Protective Effect of Minocycline on Bax and Bcl-2 Gene Expression, Histological Damages and Oxidative Stress Induced by Ovarian Torsion in Adult Rats

Document Type : Original Article


1 Student Research Committee, Gonabad University of Medical Sciences, Gonabad, Iran

2 Department of Biochemistry, School of Medicine, Gonabad University of Medical Sciences, Gonabad, Iran

3 Clinical Research Development, Unit of Tabriz Valiasr Hospital, Tabriz University of Medical Sciences, Tabriz, Iran

4 Department of Anatomy, School of Medicine, Gonabad University of Medical Sciences, Gonabad, Iran

5 Department of Obstetrics and Gynecology, School of Medicine, Allameh Bohlool Gonabadi Hospital, Gonabad University of Medical Sciences, Gonabad, Iran

6 Department of Physiology, School of Medicine, Gonabad University of Medical Sciences, Gonabad, Iran


Background: Minocycline is a widely used bacteriostatic antibiotic with various functions.

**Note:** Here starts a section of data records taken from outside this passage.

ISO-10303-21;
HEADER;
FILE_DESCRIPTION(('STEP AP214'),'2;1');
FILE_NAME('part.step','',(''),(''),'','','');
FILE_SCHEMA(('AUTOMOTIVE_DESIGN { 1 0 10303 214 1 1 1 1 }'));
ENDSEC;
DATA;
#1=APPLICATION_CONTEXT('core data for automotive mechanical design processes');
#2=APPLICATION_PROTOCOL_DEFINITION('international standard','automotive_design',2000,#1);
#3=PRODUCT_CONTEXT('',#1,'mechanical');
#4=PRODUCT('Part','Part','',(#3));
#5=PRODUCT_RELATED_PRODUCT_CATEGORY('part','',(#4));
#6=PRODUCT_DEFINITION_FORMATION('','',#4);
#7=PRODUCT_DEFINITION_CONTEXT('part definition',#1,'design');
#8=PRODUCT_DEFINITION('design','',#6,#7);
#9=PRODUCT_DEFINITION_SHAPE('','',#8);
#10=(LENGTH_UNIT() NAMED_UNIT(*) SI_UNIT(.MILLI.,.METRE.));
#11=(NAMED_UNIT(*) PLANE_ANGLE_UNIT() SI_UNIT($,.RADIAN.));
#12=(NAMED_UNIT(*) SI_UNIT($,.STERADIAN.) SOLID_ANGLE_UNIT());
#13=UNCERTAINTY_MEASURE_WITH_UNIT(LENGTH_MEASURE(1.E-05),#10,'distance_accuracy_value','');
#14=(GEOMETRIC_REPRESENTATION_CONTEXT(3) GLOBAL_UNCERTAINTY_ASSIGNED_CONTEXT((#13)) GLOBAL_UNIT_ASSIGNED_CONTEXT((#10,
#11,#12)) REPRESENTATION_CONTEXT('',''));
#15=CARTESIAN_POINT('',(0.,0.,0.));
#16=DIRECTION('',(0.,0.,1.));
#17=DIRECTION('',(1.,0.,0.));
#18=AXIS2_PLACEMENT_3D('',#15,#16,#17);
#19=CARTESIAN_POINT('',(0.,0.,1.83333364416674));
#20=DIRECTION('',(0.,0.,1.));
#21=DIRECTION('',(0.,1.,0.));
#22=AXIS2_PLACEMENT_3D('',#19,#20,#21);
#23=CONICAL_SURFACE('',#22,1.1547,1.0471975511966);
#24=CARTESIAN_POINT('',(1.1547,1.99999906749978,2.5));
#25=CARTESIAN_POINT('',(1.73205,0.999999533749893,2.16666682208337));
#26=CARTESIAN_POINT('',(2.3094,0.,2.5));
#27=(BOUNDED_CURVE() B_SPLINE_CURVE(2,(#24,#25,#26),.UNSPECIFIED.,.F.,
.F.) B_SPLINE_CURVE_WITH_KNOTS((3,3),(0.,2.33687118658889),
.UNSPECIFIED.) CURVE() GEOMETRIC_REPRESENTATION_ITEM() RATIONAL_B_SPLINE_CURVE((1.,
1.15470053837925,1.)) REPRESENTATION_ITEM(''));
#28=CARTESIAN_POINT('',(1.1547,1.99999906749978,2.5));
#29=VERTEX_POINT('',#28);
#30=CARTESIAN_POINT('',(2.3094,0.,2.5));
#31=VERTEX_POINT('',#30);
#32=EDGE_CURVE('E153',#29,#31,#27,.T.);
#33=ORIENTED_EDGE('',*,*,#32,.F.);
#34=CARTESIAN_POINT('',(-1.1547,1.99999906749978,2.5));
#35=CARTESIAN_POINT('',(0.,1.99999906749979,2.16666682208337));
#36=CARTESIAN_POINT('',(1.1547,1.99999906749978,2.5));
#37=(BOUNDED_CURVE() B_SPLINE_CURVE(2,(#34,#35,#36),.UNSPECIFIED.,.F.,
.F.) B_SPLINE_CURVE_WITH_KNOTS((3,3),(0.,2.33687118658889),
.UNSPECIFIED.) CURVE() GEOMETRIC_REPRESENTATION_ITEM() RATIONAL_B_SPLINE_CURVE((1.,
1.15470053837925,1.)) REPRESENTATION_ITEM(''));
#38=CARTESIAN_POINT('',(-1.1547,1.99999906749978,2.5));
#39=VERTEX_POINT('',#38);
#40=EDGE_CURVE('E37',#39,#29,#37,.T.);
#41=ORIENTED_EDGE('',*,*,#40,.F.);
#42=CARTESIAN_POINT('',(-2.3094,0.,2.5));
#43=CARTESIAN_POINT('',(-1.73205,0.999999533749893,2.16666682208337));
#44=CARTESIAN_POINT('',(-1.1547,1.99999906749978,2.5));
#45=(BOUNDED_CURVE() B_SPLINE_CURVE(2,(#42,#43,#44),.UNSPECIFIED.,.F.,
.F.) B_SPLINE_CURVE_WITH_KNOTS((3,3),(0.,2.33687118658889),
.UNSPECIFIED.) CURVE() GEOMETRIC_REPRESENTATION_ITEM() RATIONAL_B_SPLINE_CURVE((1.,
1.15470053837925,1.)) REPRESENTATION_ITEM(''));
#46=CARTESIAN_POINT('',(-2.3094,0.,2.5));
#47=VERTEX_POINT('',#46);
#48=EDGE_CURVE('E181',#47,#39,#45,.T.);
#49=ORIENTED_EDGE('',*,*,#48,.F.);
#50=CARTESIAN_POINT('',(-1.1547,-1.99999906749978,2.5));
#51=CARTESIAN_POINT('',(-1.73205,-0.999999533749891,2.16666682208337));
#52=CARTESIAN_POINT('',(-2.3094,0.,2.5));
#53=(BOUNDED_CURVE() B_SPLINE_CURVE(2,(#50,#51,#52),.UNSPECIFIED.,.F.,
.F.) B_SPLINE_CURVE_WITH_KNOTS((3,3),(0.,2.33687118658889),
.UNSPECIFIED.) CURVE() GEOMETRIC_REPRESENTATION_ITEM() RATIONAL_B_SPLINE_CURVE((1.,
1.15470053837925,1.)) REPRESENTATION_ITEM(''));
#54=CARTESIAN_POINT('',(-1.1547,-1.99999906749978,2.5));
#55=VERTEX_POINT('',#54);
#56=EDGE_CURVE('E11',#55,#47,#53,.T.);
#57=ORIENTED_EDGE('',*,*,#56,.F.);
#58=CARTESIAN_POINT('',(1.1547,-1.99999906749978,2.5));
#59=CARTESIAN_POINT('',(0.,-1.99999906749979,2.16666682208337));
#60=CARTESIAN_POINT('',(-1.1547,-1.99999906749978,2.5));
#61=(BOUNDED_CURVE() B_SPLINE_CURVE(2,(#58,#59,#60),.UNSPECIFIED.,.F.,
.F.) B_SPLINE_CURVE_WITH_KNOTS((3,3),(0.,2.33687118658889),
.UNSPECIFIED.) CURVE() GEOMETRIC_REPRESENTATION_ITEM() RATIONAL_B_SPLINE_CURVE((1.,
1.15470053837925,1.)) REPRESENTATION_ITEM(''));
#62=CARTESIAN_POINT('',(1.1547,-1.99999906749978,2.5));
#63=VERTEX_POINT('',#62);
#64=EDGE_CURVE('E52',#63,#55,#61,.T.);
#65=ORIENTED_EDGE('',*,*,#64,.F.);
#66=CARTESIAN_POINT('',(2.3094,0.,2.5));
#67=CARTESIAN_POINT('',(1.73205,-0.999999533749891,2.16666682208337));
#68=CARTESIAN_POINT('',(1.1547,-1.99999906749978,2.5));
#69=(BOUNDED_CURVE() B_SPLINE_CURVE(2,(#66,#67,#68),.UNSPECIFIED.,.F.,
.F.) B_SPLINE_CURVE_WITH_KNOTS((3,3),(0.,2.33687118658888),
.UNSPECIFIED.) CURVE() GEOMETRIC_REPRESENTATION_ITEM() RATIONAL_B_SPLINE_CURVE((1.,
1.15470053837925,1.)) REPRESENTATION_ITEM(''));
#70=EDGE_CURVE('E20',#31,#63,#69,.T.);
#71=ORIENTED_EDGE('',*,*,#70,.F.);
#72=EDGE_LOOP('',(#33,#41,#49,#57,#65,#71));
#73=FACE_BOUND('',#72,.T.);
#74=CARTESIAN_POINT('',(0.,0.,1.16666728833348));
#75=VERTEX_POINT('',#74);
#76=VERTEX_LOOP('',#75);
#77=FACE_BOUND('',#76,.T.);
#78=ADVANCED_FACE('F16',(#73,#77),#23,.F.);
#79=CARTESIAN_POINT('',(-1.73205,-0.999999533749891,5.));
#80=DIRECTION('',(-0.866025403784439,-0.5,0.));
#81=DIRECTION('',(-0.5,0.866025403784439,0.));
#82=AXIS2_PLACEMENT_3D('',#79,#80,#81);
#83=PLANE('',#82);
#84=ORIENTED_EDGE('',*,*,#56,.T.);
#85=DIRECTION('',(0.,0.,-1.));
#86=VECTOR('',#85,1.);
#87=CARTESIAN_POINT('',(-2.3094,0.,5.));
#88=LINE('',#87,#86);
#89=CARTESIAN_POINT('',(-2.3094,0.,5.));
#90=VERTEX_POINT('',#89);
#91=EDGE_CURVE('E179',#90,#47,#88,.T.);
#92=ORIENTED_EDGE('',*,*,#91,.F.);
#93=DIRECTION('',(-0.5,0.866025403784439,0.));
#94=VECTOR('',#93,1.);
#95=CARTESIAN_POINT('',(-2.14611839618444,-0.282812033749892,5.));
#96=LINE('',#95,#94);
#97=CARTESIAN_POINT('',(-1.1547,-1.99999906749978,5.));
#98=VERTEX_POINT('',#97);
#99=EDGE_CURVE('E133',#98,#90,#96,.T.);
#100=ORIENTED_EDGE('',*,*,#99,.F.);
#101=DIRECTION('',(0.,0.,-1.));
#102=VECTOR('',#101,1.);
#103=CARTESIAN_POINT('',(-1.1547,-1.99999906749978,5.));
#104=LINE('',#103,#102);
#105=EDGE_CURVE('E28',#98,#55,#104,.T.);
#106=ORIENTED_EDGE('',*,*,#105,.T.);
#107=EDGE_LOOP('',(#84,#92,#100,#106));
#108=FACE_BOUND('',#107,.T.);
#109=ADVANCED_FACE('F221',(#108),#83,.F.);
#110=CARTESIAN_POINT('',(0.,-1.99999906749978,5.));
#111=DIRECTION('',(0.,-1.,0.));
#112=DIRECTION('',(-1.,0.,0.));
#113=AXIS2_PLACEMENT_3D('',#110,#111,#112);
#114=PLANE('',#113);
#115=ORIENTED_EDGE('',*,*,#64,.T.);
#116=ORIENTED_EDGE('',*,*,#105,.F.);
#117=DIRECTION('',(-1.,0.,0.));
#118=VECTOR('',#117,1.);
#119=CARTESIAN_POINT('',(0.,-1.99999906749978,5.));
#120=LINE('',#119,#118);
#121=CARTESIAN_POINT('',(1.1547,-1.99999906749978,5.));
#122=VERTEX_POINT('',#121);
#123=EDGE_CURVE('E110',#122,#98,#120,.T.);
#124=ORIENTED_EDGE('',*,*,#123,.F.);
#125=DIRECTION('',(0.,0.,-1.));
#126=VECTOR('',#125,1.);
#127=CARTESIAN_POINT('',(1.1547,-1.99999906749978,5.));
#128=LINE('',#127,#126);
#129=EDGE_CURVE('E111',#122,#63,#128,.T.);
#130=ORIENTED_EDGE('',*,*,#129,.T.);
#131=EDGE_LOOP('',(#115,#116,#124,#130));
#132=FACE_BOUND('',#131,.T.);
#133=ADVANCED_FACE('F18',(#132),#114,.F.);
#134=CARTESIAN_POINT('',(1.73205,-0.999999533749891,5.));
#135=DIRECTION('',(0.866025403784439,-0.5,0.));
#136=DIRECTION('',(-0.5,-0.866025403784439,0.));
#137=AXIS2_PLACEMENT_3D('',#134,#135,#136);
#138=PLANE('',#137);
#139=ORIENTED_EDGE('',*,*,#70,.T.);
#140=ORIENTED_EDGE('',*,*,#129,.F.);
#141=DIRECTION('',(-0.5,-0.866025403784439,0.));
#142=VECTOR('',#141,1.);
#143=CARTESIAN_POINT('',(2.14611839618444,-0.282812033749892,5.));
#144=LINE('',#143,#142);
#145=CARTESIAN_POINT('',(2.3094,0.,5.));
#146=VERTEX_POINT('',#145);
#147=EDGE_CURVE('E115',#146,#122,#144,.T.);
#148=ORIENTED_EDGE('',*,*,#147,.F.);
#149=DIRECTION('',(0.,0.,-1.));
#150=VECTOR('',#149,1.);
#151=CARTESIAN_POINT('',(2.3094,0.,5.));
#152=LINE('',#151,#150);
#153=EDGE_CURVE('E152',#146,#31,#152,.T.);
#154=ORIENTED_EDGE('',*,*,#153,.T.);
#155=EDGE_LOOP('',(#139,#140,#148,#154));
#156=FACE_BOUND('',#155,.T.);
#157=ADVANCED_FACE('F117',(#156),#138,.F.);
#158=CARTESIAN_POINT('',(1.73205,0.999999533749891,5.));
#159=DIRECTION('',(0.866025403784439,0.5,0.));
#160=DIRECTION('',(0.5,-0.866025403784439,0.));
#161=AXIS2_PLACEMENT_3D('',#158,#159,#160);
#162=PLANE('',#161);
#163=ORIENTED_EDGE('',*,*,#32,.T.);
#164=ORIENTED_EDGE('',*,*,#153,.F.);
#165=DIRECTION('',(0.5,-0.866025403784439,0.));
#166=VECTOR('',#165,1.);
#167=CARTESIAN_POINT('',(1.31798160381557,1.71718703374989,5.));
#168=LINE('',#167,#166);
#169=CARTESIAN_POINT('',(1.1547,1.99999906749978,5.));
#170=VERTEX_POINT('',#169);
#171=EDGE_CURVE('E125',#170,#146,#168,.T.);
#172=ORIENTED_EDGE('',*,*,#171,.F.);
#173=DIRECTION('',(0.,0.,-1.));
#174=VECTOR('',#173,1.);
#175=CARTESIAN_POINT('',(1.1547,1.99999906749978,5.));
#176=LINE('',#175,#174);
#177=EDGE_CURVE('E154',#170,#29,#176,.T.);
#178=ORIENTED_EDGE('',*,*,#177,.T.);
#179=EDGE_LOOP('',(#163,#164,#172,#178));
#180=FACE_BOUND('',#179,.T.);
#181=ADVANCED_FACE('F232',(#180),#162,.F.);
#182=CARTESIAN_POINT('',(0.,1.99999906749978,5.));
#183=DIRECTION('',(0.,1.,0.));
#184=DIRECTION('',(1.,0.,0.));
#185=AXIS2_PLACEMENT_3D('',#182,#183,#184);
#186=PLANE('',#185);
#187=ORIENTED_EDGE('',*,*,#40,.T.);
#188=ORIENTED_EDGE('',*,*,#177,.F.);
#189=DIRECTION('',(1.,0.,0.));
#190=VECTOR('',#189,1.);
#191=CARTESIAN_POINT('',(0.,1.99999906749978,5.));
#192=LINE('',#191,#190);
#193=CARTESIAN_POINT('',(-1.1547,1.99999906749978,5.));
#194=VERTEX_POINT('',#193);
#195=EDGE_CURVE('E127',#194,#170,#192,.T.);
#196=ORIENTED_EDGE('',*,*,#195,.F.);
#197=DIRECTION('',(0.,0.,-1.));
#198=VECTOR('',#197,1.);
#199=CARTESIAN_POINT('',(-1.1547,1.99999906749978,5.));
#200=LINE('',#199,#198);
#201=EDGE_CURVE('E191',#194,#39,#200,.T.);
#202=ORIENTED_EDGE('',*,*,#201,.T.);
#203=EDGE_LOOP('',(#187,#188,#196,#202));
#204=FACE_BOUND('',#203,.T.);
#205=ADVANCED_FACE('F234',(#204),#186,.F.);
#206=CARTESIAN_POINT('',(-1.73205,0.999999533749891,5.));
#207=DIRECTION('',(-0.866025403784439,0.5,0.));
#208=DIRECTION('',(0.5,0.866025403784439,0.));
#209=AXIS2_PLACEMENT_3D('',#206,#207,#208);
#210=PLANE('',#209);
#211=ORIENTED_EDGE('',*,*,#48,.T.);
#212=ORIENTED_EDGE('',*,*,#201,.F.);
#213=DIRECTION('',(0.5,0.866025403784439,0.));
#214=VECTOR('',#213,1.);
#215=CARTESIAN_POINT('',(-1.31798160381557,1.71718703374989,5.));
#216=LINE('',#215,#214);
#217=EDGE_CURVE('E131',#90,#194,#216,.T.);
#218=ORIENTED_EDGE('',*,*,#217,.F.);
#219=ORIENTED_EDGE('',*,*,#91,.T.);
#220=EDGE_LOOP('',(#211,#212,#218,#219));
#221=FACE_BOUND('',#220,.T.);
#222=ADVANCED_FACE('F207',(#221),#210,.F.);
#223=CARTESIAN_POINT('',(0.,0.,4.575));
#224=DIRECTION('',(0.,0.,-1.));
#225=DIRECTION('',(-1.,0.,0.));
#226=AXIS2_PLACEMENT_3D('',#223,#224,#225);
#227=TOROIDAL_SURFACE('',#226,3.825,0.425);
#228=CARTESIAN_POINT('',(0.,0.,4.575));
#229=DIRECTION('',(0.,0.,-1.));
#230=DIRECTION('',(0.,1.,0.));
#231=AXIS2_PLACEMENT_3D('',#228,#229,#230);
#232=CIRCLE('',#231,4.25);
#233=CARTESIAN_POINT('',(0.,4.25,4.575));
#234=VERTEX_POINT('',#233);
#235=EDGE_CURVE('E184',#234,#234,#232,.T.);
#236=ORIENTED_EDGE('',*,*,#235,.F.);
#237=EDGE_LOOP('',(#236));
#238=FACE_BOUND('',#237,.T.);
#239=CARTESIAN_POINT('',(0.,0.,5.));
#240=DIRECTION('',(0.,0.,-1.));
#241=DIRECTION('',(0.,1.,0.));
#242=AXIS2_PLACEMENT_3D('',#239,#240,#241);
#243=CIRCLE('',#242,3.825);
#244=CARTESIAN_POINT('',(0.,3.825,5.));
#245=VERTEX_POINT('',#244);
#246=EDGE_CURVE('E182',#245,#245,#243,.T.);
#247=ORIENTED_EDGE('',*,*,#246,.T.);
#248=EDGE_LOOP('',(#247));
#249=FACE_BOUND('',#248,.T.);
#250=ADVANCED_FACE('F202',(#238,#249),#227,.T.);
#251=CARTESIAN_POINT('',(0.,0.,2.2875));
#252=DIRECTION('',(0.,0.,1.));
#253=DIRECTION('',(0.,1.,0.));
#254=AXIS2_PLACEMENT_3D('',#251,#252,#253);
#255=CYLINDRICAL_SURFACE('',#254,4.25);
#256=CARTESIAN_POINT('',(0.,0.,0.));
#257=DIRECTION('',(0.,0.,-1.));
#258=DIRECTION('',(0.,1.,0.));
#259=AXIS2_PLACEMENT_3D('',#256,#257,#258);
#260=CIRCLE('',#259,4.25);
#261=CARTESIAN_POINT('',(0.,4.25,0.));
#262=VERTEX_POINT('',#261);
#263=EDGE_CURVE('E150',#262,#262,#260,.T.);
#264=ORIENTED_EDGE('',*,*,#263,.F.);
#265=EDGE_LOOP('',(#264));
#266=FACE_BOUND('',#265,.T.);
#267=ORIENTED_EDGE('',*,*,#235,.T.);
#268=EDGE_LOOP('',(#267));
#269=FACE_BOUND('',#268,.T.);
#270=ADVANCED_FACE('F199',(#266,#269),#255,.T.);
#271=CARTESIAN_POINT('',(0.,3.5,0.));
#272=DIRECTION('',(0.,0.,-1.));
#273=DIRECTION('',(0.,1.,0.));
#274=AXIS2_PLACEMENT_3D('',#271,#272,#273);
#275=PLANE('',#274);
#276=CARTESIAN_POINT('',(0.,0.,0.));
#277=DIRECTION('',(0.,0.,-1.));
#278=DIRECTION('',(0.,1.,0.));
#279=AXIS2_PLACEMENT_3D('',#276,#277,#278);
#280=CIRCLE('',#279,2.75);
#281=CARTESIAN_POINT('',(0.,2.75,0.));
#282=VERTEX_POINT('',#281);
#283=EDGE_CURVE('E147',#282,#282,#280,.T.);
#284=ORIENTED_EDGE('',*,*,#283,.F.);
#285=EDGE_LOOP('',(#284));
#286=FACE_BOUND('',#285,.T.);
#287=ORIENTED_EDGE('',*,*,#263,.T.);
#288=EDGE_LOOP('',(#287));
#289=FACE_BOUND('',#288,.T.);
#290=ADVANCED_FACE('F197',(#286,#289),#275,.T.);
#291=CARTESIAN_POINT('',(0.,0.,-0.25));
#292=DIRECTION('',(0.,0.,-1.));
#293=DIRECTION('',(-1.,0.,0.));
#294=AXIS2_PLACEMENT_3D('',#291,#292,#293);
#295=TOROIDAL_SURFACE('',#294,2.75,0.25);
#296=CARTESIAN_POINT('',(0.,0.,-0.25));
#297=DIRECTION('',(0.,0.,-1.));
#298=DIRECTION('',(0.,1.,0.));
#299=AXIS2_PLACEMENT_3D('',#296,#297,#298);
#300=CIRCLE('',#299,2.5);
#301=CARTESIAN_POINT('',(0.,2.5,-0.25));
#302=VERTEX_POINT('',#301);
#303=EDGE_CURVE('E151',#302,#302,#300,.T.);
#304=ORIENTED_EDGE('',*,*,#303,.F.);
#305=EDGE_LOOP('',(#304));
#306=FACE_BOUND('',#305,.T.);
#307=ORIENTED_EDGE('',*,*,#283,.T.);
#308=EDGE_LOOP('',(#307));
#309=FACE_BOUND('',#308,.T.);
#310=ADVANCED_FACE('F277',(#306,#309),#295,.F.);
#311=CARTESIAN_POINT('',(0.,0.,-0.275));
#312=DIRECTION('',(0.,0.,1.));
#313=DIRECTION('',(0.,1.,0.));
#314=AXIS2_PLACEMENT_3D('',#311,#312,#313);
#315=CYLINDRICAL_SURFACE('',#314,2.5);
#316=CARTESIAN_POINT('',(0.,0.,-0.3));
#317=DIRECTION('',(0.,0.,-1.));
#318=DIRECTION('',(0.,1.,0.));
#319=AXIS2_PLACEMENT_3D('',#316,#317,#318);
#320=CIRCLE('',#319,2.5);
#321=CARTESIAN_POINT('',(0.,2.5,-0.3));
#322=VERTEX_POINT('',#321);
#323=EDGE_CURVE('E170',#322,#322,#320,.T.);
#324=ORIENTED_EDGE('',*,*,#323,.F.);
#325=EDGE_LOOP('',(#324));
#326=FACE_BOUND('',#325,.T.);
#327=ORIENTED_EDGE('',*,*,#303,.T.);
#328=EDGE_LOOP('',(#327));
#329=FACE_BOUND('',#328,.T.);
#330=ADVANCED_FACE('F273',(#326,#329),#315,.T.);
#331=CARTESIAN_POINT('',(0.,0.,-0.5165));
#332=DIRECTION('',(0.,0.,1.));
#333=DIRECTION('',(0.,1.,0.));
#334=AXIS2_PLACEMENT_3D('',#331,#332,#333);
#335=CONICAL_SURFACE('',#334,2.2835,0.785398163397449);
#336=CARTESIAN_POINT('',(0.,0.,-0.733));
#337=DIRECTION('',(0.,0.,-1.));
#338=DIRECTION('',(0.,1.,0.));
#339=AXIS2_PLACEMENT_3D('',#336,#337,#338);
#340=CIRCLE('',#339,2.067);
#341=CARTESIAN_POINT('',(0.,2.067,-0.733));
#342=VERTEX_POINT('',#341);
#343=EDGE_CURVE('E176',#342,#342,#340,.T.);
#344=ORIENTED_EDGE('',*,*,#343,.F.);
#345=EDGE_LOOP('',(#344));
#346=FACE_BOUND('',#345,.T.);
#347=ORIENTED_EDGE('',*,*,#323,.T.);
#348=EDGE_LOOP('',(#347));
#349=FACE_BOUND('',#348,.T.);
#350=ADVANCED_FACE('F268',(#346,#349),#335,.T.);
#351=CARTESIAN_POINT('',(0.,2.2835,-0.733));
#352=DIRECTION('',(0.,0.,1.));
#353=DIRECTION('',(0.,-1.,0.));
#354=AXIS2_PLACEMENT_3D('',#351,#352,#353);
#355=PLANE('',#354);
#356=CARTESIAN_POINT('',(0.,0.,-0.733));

The aim of this study was
to investigate impact of apoptotic genes in ovary of the torsion/detorsion treated rat model by minocycline.
Materials and Methods: This experimental study was performed in 32 female Wistar rats classified in four groups,
including: i. sham, ii. TD: torsion/detorsion group received normal saline, iii. TDM: torsion/detorsion group treated
with 40 mg/kg Minocycline, and iv. MC: healthy group received 40 mg/kg Minocycline. After treatment period (7
days), histoplogical parameters, oxidative stress markers and hormone profile of serum as well as the expression of
Bax and Bcl-2 genes were measured in the ovary of rats.
Results: Levels of superoxide dismutase (SOD), glutathione peroxidase (GPX) and estrogen were decreased in the
TD group and significantly increased in the treated groups (P=0.001). Levels of malondialdehyde (MDA) and testosterone
were increased in the TD group and decreased in the treated groups (P=0.001). Expression level of Bax was
elevated in the TD group, while it was attenuated in the treated groups (P=0.001). Expression level of Bcl-2 was
significantly increased in treated groups (P=0.001).
Conclusion: Minocycline can repair oxidative damage in ovarian tissue and regulate apoptotic-related gene expressions.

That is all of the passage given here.